CUFR tree carbon calculator
James R. Simpson, USDA Forest Service, Davis, CA; and E. G. McPherson
Urban forestry has increasingly been a focus of interest as a means for reducing atmospheric carbon dioxide (CO2) for climate protection while at the same time increasing quality of life in communities. This attention parallels a growing recognition that well-planned urban forestry projects can provide multiple benefits. Given these developments, a stakeholder-driven process was launched in 2007 to develop a credible approach for accounting and reporting greenhouse gas (GHG) benefits from tree planting projects to the California Climate Action Registry. Reporting carbon reductions to the California Registry guarantees their credibility and accuracy in the eyes of regulators and investors. An important milestone in that process was reached in August 2008, when the Urban Forest Project Reporting Protocol was adopted by the Registry's Board of Directors. Although originally designed for California users, the Protocol can be readily transferable to other states and countries.

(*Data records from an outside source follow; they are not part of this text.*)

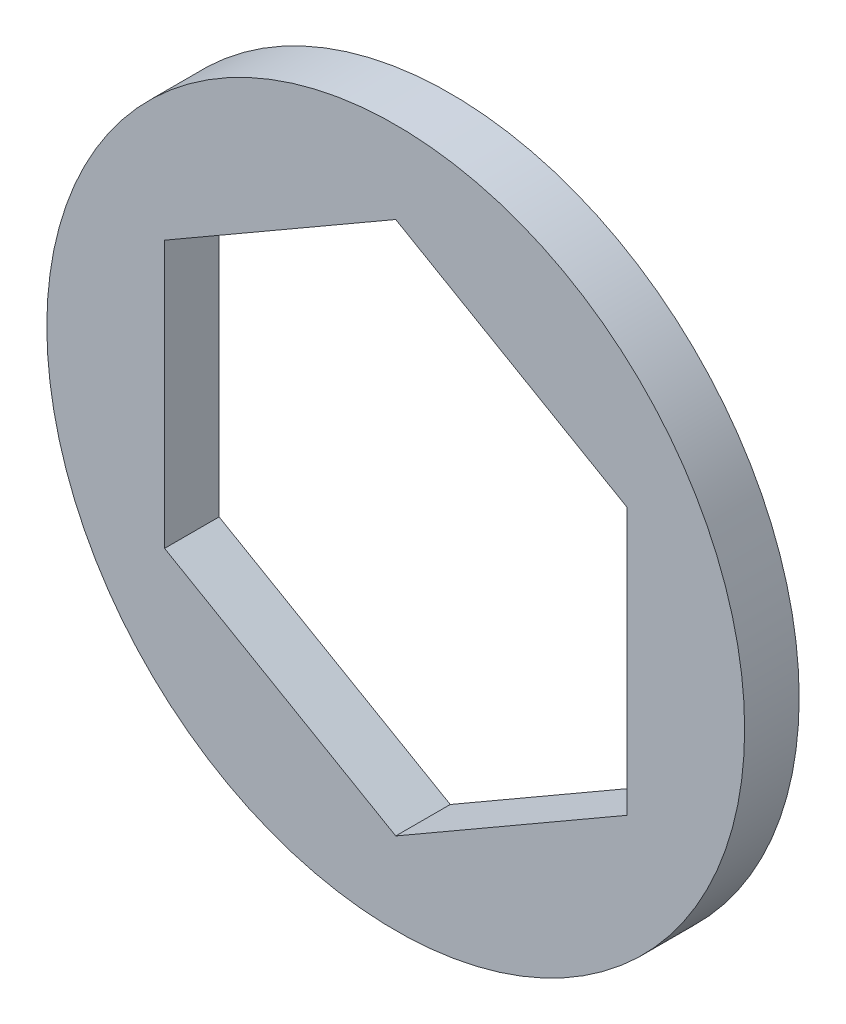
SolidWorks part; units mm, degrees
material "Nylon 101"
ref_plane "Front Plane" through (0, 0, 0) normal (0, 0, 1) x (1, 0, 0)
ref_plane "Top Plane" through (0, 0, 0) normal (0, 1, 0) x (1, 0, 0)
ref_plane "Right Plane" through (0, 0, 0) normal (1, 0, 0) x (0, 0, -1)
sketch "Sketch1" plane through (0, 0, 0) normal (0, 0, 1) x (1, 0, 0)
  line L1 (0, 7.7723) -> (-6.731, 3.8861)
  line L2 (-6.731, 3.8861) -> (-6.731, -3.8861)
  line L3 (-6.731, -3.8861) -> (0, -7.7723)
  line L4 (0, -7.7723) -> (6.731, -3.8861)
  line L5 (6.731, -3.8861) -> (6.731, 3.8861)
  line L6 (6.731, 3.8861) -> (0, 7.7723)
  circle A0 centre (0, 0) radius 10.16
  circle A1 centre (0, 0) radius 6.731 construction
  dimension "D1" = 13.462
  dimension "D2" = 20.32
extrude "Boss-Extrude1" add sketch "Sketch1" along normal mid plane 1.5875
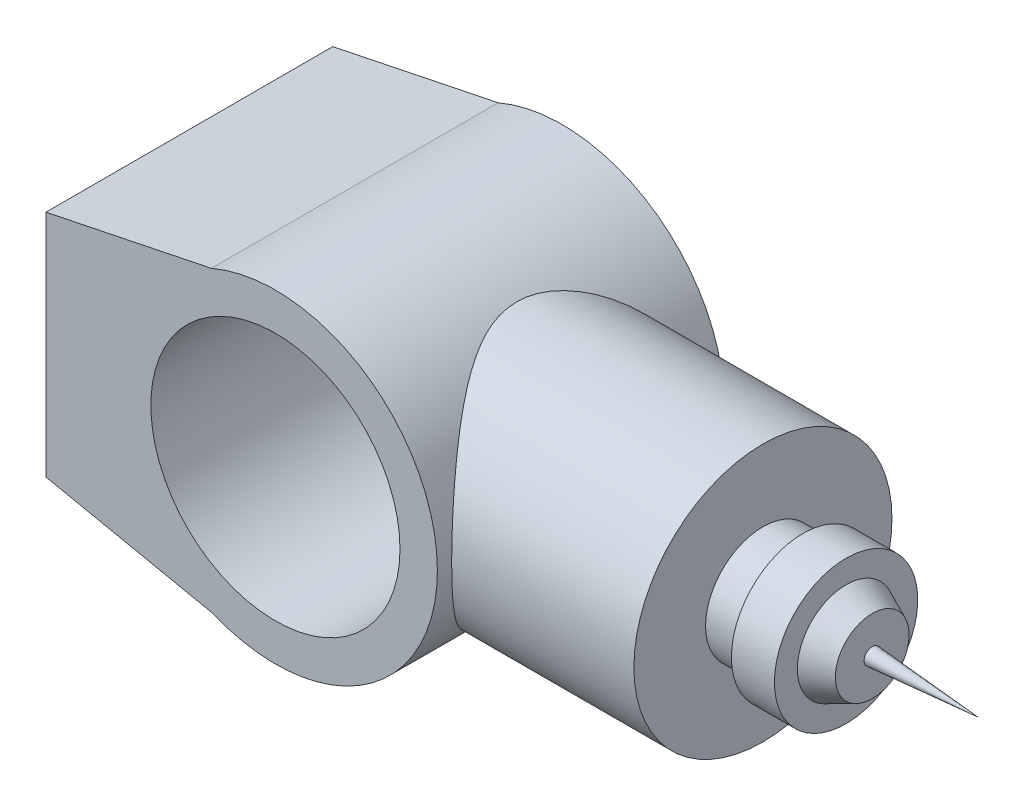
SolidWorks part; units mm, degrees
ref_plane "Front Plane" through (0, 0, 0) normal (0, 0, 1) x (1, 0, 0)
ref_plane "Top Plane" through (0, 0, 0) normal (0, 1, 0) x (1, 0, 0)
ref_plane "Right Plane" through (0, 0, 0) normal (1, 0, 0) x (0, 0, -1)
sketch "Sketch2" plane through (0, 0, 0) normal (0, 0, 1) x (1, 0, 0)
  line L0 (-80, -40) -> (-80, 40)
  line L2 (-80, 40) -> (-22.3464, 51.8715)
  line L4 (-80, -40) -> (-21.8292, -52.0912)
  circle A0 centre (0, 0) radius 43.4447
  arc A1 (-21.8292, -52.0912) -> (-22.3464, 51.8715) centre (0, 0) ccw
  point P7 (-80, 0)
  dimension "D1" = 80
  dimension "D2" = 80
extrude "Boss-Extrude1" add sketch "Sketch2" along normal mid plane 100
ref_plane "Plane1" through (120, 0, 0) normal (1, 0, 0) x (0, 0, -1)
sketch "Sketch3" plane through (120, 0, 0) normal (1, 0, 0) x (0, 0, -1)
  circle A0 centre (0, 0) radius 45
extrude "Boss-Extrude2" add sketch "Sketch3" against normal up to next
sketch "Sketch4" plane through (0, 0, 0) normal (0, 0, 1) x (1, 0, 0)
  line L0 (0, 0) -> (195.0462, 0) construction
  line L1 (120, 0) -> (120, -20)
  line L2 (120, -55) -> (120, 55) construction
  line L3 (120, -20) -> (134, -20)
  line L4 (134, -20) -> (134, -25)
  line L5 (134, -25) -> (149, -25)
  line L6 (149, -25) -> (149, -16.983)
  line L7 (149, -16.983) -> (158.1089, -12.8566)
  line L8 (158.1089, -12.8566) -> (158.1089, -2.8373)
  line L9 (158.1089, -2.8373) -> (195, 0)
  line L10 (195, 0) -> (120, 0)
  dimension "D1" = 20
  dimension "D2" = 14
  dimension "D3" = 5
  dimension "D4" = 15
  dimension "D5" = 10
  dimension "D6" = 37
  dimension "D7" = 75
revolve "Revolve1" add sketch "Sketch4" angle 360 about L0
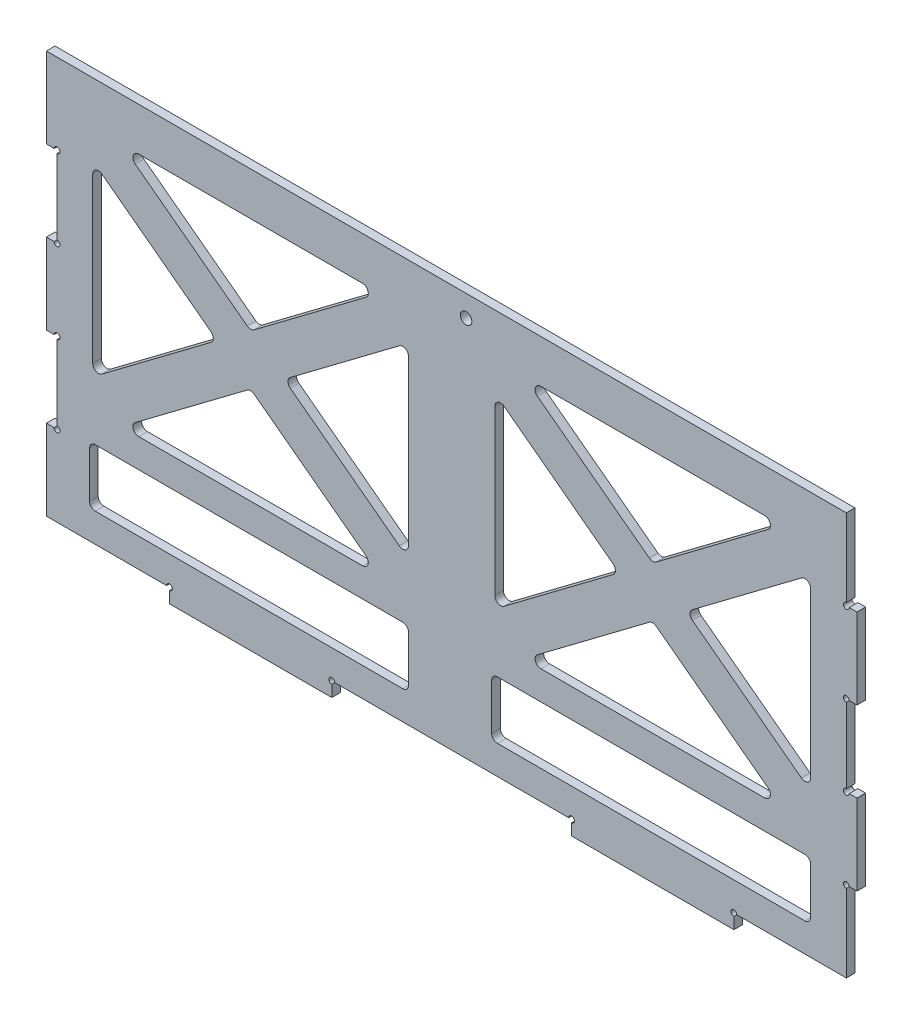
SolidWorks part; units mm, degrees
material "Alumina"
ref_plane "Front Plane" through (0, 0, 0) normal (0, 0, 1) x (1, 0, 0)
ref_plane "Top Plane" through (0, 0, 0) normal (0, 1, 0) x (1, 0, 0)
ref_plane "Right Plane" through (0, 0, 0) normal (1, 0, 0) x (0, 0, -1)
sketch "Sketch1" plane through (0, 0, 0) normal (0, 0, 1) x (1, 0, 0)
  line L1 (-140.85, -70) -> (140.85, -70)
  line L2 (-140.85, -70) -> (-140.85, 70)
  line L3 (-140.85, 70) -> (140.85, 70)
  line L4 (140.85, -70) -> (140.85, 70)
  line L5 (-140.85, -70) -> (140.85, 70) construction
  line L6 (-140.85, 70) -> (140.85, -70) construction
  point P0 (0, 0)
extrude "Boss-Extrude1" add sketch "Sketch1" along normal blind 3
sketch "Sketch2" plane through (0, 0, 3) normal (0, 0, 1) x (1, 0, 0)
  line L1 (-140.85, 70) -> (-140.85, -70) construction
  line L2 (-125.85, -60) -> (-15, -60)
  line L3 (-125.85, -60) -> (-125.85, -40)
  line L4 (-125.85, -40) -> (-15, -40)
  line L6 (-15, -60) -> (-15, -40)
  line L7 (-125.85, -60) -> (-15, -40) construction
  line L8 (-125.85, -40) -> (-15, -60) construction
  line L9 (-140.85, -70) -> (140.85, -70) construction
  line L10 (140.85, 70) -> (-140.85, 70) construction
  line L11 (-124.75, -30) -> (-15, -30)
  line L12 (-124.75, -30) -> (-124.75, 55)
  line L13 (-124.75, 55) -> (-15, 55)
  line L14 (-15, -30) -> (-15, 55)
  line L15 (-124.75, -30) -> (-15, 55) construction
  line L16 (-124.75, 55) -> (-15, -30) construction
  line L17 (-124.75, 45) -> (-25, -30)
  line L18 (-114.75, 55) -> (-15, -20)
  line L19 (-15, 45) -> (-114.75, -30)
  line L20 (-25, 55) -> (-124.75, -20)
  line L21 (13.9, -60) -> (124.75, -60)
  line L22 (13.9, -60) -> (13.9, -40)
  line L23 (13.9, -40) -> (124.75, -40)
  line L24 (124.75, -60) -> (124.75, -40)
  line L25 (15, -30) -> (124.75, -30)
  line L26 (15, -30) -> (15, 55)
  line L27 (15, 55) -> (124.75, 55)
  line L28 (124.75, -30) -> (124.75, 55)
  line L29 (15, 45) -> (114.75, -30)
  line L30 (25, 55) -> (124.75, -20)
  line L31 (124.75, 45) -> (25, -30)
  line L32 (114.75, 55) -> (15, -20)
  line L33 (13.9, -60) -> (124.75, -40) construction
  line L34 (13.9, -40) -> (124.75, -60) construction
  line L35 (15, -30) -> (124.75, 55) construction
  line L36 (15, 55) -> (124.75, -30) construction
  point P0 (-70.425, -50)
  point P9 (-69.875, 12.5)
  point P25 (69.325, -50)
  point P30 (69.875, 12.5)
  dimension "D1" = 15
  dimension "D2" = 10
  dimension "D3" = 15
  dimension "D4" = 10
  dimension "D5" = 10
  dimension "D6" = 10
  dimension "D7" = 10
  dimension "D8" = 10
extrude "Cut-Extrude1" cut sketch "Sketch2" against normal through all contours L20 L17 L12 | L20 L13 L18 | L14 L19 L18 | L17 L19 L11 | L2 L6 L4 L3 | L21 L24 L23 L22 | L29 L31 L25 | L32 L29 L26 | L32 L27 L30 | L28 L31 L30
fillet "Fillet1" radius 2 30 edges at (-15, 45, 1.5) (-81.525, 12.5, 1.5) (-25, -30, 1.5) (25, -30, 1.5) (-15, -20, 1.5) (124.75, -20, 1.5) (-15, -60, 1.5) (-15, -40, 1.5) (-25, 55, 1.5) (114.75, 55, 1.5) (124.75, 45, 1.5) (124.75, -40, 1.5) (114.75, -30, 1.5) (124.75, -60, 1.5) (13.9, -60, 1.5) (15, -20, 1.5) (69.875, 3.7406, 1.5) (15, 45, 1.5) (13.9, -40, 1.5) (81.525, 12.5, 1.5) (25, 55, 1.5) (-58.225, 12.5, 1.5) (-114.75, 55, 1.5) (-69.875, 3.7406, 1.5) (-124.75, 45, 1.5) (-124.75, -20, 1.5) (-69.875, 21.2594, 1.5) (-114.75, -30, 1.5) (-125.85, -60, 1.5) (-125.85, -40, 1.5)
sketch "Sketch3" plane through (0, 0, 3) normal (0, 0, 1) x (1, 0, 0)
  line L0 (140.85, -70) -> (140.85, 70) construction
  line L1 (140.85, 70) -> (137.15, 70)
  line L2 (140.85, 70) -> (140.85, 42)
  line L3 (140.85, 42) -> (137.15, 42)
  line L4 (137.15, 70) -> (137.15, 42)
  line L5 (140.85, -70) -> (137.15, -70)
  line L6 (140.85, -70) -> (140.85, -42)
  line L7 (140.85, -42) -> (137.15, -42)
  line L8 (137.15, -70) -> (137.15, -42)
  line L9 (140.85, -14) -> (137.15, -14)
  line L10 (140.85, -14) -> (140.85, 14)
  line L11 (140.85, 14) -> (137.15, 14)
  line L12 (137.15, -14) -> (137.15, 14)
  line L13 (-140.85, 70) -> (-140.85, -70) construction
  line L14 (-140.85, -42) -> (-137.15, -42)
  line L15 (-140.85, -42) -> (-140.85, -14)
  line L16 (-140.85, -14) -> (-137.15, -14)
  line L17 (-137.15, -42) -> (-137.15, -14)
  line L19 (-137.15, 42) -> (-140.85, 42)
  line L20 (-137.15, 42) -> (-137.15, 14)
  line L21 (-137.15, 14) -> (-140.85, 14)
  line L22 (-140.85, 42) -> (-140.85, 14)
  dimension "D1" = 28
extrude "Cut-Extrude2" cut sketch "Sketch3" against normal through all
sketch "Sketch4" plane through (0, 0, 3) normal (0, 0, 1) x (1, 0, 0)
  line L1 (-140.85, -70) -> (137.15, -70) construction
  line L2 (-98.075, -75) -> (-41.675, -75)
  line L3 (-98.075, -75) -> (-98.075, -70)
  line L4 (-98.075, -70) -> (-41.675, -70)
  line L5 (-41.675, -75) -> (-41.675, -70)
  line L6 (-98.075, -75) -> (-41.675, -70) construction
  line L7 (-98.075, -70) -> (-41.675, -75) construction
  line L9 (41.675, -75) -> (98.075, -75)
  line L10 (41.675, -75) -> (41.675, -70)
  line L11 (41.675, -70) -> (98.075, -70)
  line L12 (98.075, -75) -> (98.075, -70)
  line L13 (41.675, -75) -> (98.075, -70) construction
  line L14 (41.675, -70) -> (98.075, -75) construction
  point P5 (69.875, -72.5)
  point P8 (-69.875, -72.5)
extrude "Boss-Extrude2" add sketch "Sketch4" against normal blind 3
fillet "Fillet2" radius 2 2 edges at (58.225, 12.5, 1.5) (69.875, 21.2594, 1.5)
sketch "Sketch5" plane through (0, 0, 0) normal (0, 0, -1) x (-1, 0, 0)
  circle A0 centre (-5, 62.5) radius 2
extrude "Cut-Extrude3" cut sketch "Sketch5" against normal through all
sketch "Sketch6" plane through (0, 0, 3) normal (0, 0, 1) x (1, 0, 0)
  circle A0 centre (-137.15, 42) radius 1
  circle A1 centre (-137.15, 14) radius 1
  circle A2 centre (-137.15, -14) radius 1
  circle A3 centre (-137.15, -42) radius 1
  circle A4 centre (-98.075, -70) radius 1
  circle A5 centre (-41.675, -70) radius 1
  circle A6 centre (41.675, -70) radius 1
  circle A7 centre (98.075, -70) radius 1
  circle A8 centre (137.15, -42) radius 1
  circle A9 centre (137.15, -14) radius 1
  circle A10 centre (137.15, 14) radius 1
  circle A11 centre (137.15, 42) radius 1
extrude "Cut-Extrude4" cut sketch "Sketch6" against normal through all
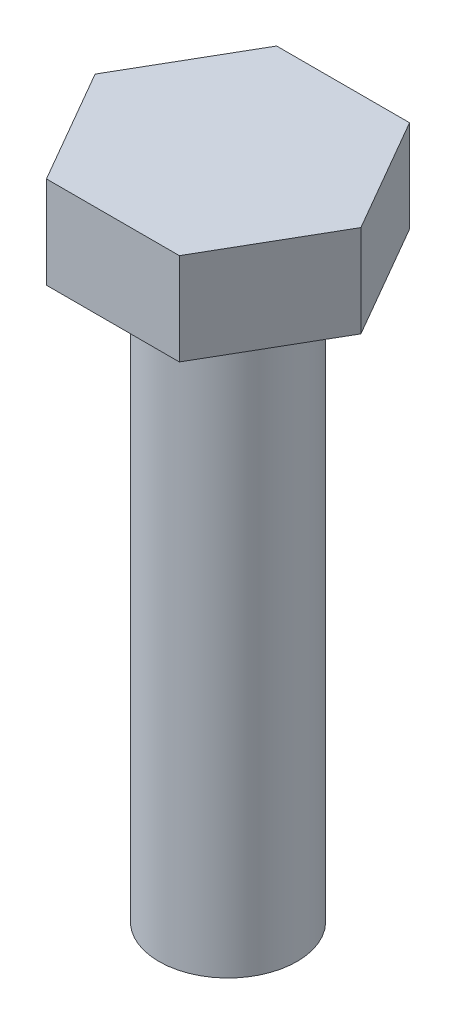
SolidWorks part; units mm, degrees
ref_plane "前视基准面" through (0, 0, 0) normal (0, 0, 1) x (1, 0, 0)
ref_plane "上视基准面" through (0, 0, 0) normal (0, 1, 0) x (1, 0, 0)
ref_plane "右视基准面" through (0, 0, 0) normal (1, 0, 0) x (0, 0, -1)
other "Configuration Table"
sketch "Shank Profile" plane through (0, 0, 0) normal (0, 1, 0) x (1, 0, 0)
  circle A0 centre (0, 0) radius 3
  point P2 (0, 0)
  dimension "D1" = 6
extrude "Shank" add sketch "Shank Profile" along normal blind 25
sketch "Head Profile" plane through (0, 0, 0) normal (0, 1, 0) x (1, 0, 0)
  line L0 (5.7735, 0) -> (2.8868, -5)
  line L1 (2.8868, -5) -> (-2.8868, -5)
  line L2 (-2.8868, -5) -> (-5.7735, 0)
  line L3 (-5.7735, 0) -> (-2.8868, 5)
  line L4 (-2.8868, 5) -> (2.8868, 5)
  line L5 (2.8868, 5) -> (5.7735, 0)
  point P6 (0, 0)
  dimension "D1" = 2.8868
  dimension "D2" = 5.7735
  dimension "D3" = 8.6603
  dimension "D4" = 11.547
  dimension "D5" = 5
  dimension "D6" = 10
extrude "Head" add sketch "Head Profile" along normal blind 4 from offset 25

The Urban Protocol consists of two products. The first is a written set of guidelines that provide accounting, reporting, and verifying guidance for registering urban forest projects. This presentation deals with the second product, the Center for Urban Forest Research Tree Carbon Calculator (CTCC). It is an Excel spreadsheet tool that provides numerical data on carbon storage, energy savings and corresponding GHG emission reductions, and biomass volumes for common tree species in California cities. The CTCC is still in the development phase, usable for those with moderate experience with spreadsheet software, and is currently undergoing testing and evaluation.
To determine carbon storage and annual sequestration, the user enters data on the project's climate zone and the species and size or age of the tree. Tree growth curves were developed from data collected from population samples of about 900 street trees representing approximately 20 predominant species in each of six regional reference cities (a total of about 5,400 trees). Biomass equations incorporating these data are used to derive total CO2 stored (fresh weight), total aboveground stored (dry weight), and annual CO2 sequestration.
Additional inputs related to building heating and cooling loads and tree shade are required to determine emission reductions from energy conservation. Simulations were conducted for each reference city using different combinations of tree sizes (9), locations (24), and building vintages (3) for each studied tree species to determine effects of trees on building energy performance. Basic information on heating and cooling systems is also required. Simulation results are tabulated for later lookup by the CTCC. Changes in energy use are converted to changes in emissions based on default regional or user-supplied emissions coefficients. Emissions of carbon dioxide, methane and nitrous oxide are addressed. CTCC outputs can be used to estimate GHG benefits on a per tree basis for a single point in time for reporting purposes. A time series can be developed to forecast future benefits.
Several new or enhanced features are planned for inclusion in future CTCC versions. These include addition of co-benefits (dollar value of energy savings, hydrologic impacts, air quality improvement, increases in property values), costs of tree planting and maintenance, treatment of tree populations vs single trees, web-based delivery, real-time calculations vs. table lookups, and annual reporting and forecast modes.